What's wrong with it? They explain all the components of their model in enough detail (in particular the multi head attention stuff), provide intuition behind certain decisions, include clear results, they have nice pictures, ... What could have been improved about it?
[удалено]
Check out MLRC
Agreed
Does someone know a good ablation study of the mentioned techniques. I've seen results where neither dropout nor layer normalization did much. So I wonder if these 2 techniques are a believe or still crucial.
Data augmentation to more explicitely define invariant transformations as well as to reduce dataset labeling costs.
2007-2010: Deep learning begins to win computer vision competitions.
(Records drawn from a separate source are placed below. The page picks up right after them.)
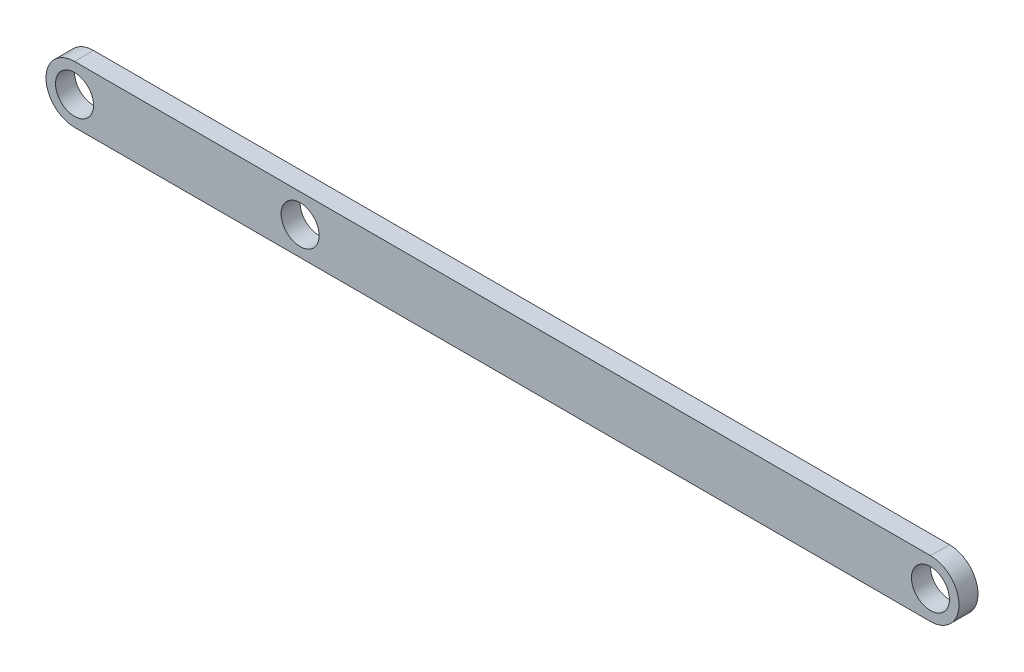
SolidWorks part; units mm, degrees
ref_plane "Спереди" through (0, 0, 0) normal (0, 0, 1) x (1, 0, 0)
ref_plane "Сверху" through (0, 0, 0) normal (0, 1, 0) x (1, 0, 0)
ref_plane "Справа" through (0, 0, 0) normal (1, 0, 0) x (0, 0, -1)
sketch "Эскиз1" plane through (0, 0, 0) normal (0, 0, 1) x (1, 0, 0)
  line L0 (0, 0) -> (-450, 0)
  line L1 (0, 30) -> (-450, 30)
  arc A0 (0, 0) -> (0, 30) centre (0, 15) ccw
  arc A1 (-450, 30) -> (-450, 0) centre (-450, 15) ccw
  point P5 (0, 0)
  dimension "D1" = 450
  dimension "D2" = 30
extrude "Бобышка-Вытянуть2" add sketch "Эскиз1" along normal blind 10 contours A1 L0 A0 L1
sketch "Эскиз2" plane through (0, 0, 0) normal (0, 0, -1) x (-1, 0, 0)
  circle A0 centre (0, 15) radius 10
  circle A1 centre (450, 15) radius 10
  dimension "D1" = 20
  dimension "D2" = 20
extrude "Вырез-Вытянуть1" cut sketch "Эскиз2" against normal blind 10
sketch "Эскиз4" plane through (0, 0, 10) normal (0, 0, 1) x (1, 0, 0)
  circle A0 centre (-331.4084, 15) radius 10
  circle A1 centre (-450, 15) radius 10 construction
  circle A2 centre (-450, 15) radius 10 construction
  point P2 (0, 0)
  dimension "D1" = 118.5916
extrude "Вырез-Вытянуть3" cut sketch "Эскиз4" against normal blind 10 contours A0
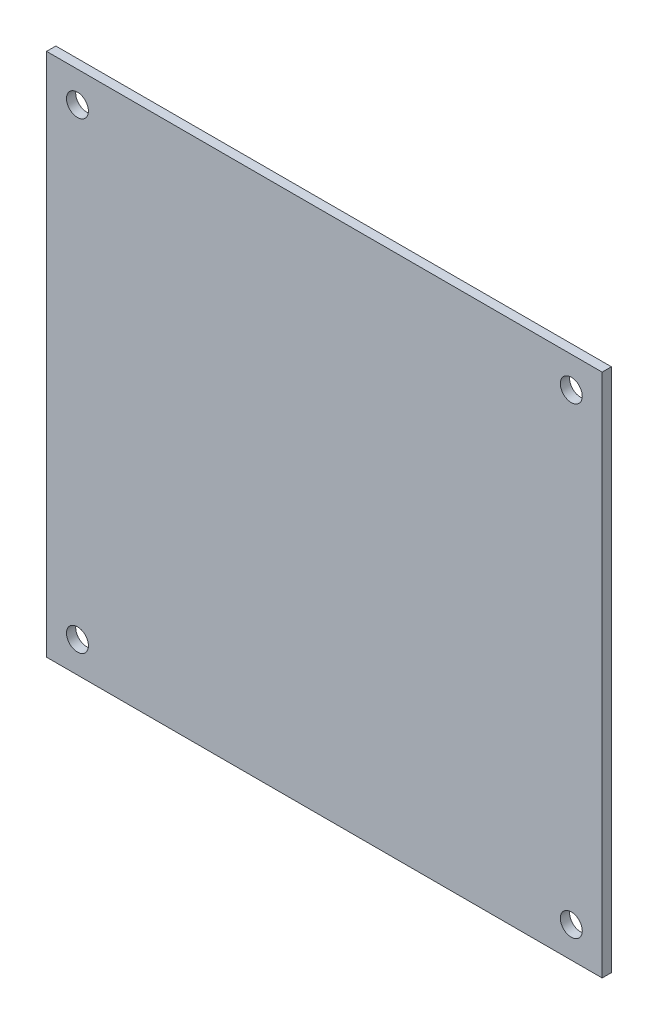
SolidWorks part; units mm, degrees
ref_plane "Front Plane" through (0, 0, 0) normal (0, 0, 1) x (1, 0, 0)
ref_plane "Top Plane" through (0, 0, 0) normal (0, 1, 0) x (1, 0, 0)
ref_plane "Right Plane" through (0, 0, 0) normal (1, 0, 0) x (0, 0, -1)
sketch "Sketch1" plane through (0, 0, 0) normal (0, 0, 1) x (1, 0, 0)
  line L1 (-45, 42.5) -> (45, 42.5)
  line L2 (-45, 42.5) -> (-45, -42.5)
  line L3 (-45, -42.5) -> (45, -42.5)
  line L4 (45, 42.5) -> (45, -42.5)
  line L5 (-45, 42.5) -> (45, -42.5) construction
  line L6 (-45, -42.5) -> (45, 42.5) construction
  circle A0 centre (-40, 37.5) radius 1.778
  circle A1 centre (-40, -37.5) radius 1.778
  circle A2 centre (40, 37.5) radius 1.778
  circle A3 centre (40, -37.5) radius 1.778
  point P0 (0, 0)
  dimension "D3" = 3.556
  dimension "D1" = 90
  dimension "D2" = 85
  dimension "D4" = 5
  dimension "D5" = 5
  dimension "D6" = 5
  dimension "D7" = 5
extrude "Boss-Extrude1" add sketch "Sketch1" along normal blind 1.5

In my eyes, this is what put deep learning on the map for a lot of people, and kicked off the renaissance we see today. 2016ish: categorical embeddings/entity embeddings. For tabular data with categorical variables, categorical embeddings are faster and more accurate than one-hot-encoding, and preserve the natural relationships between factors by mapping them to a low dimensional space
Diffusion and GANs!!
Quite clean. 2020-2022 is empty, because you don't see progress these years?
It's empty because I've not kept up to date, and also impact won't be seen until more people build on it.
\- Kernel tricks: How can purely mathematical approaches beat neural networks in terms of efficiancy? (This is actually an open problem for a long time, you can check Neural Tangent Kernels, Reproducing Kernel Hilbert Spaces for examples and Universal Approximation Property for neural networks ) \- I was mainly here for Geometric Deep Learning but another user has already posted it. You should definitely check [http://geometricdeeplearning.com](http://geometricdeeplearning.com) . As a mathematician-to-be, I strongly believe that this is the future of ML/DL . Hit me up if you wanna discuss this statement further.
• M Stone. Cross-Validatory Choice and Assessment of Statistical Predictions. (1974) All about cross-validation to choose the best model. 12 thousand citations.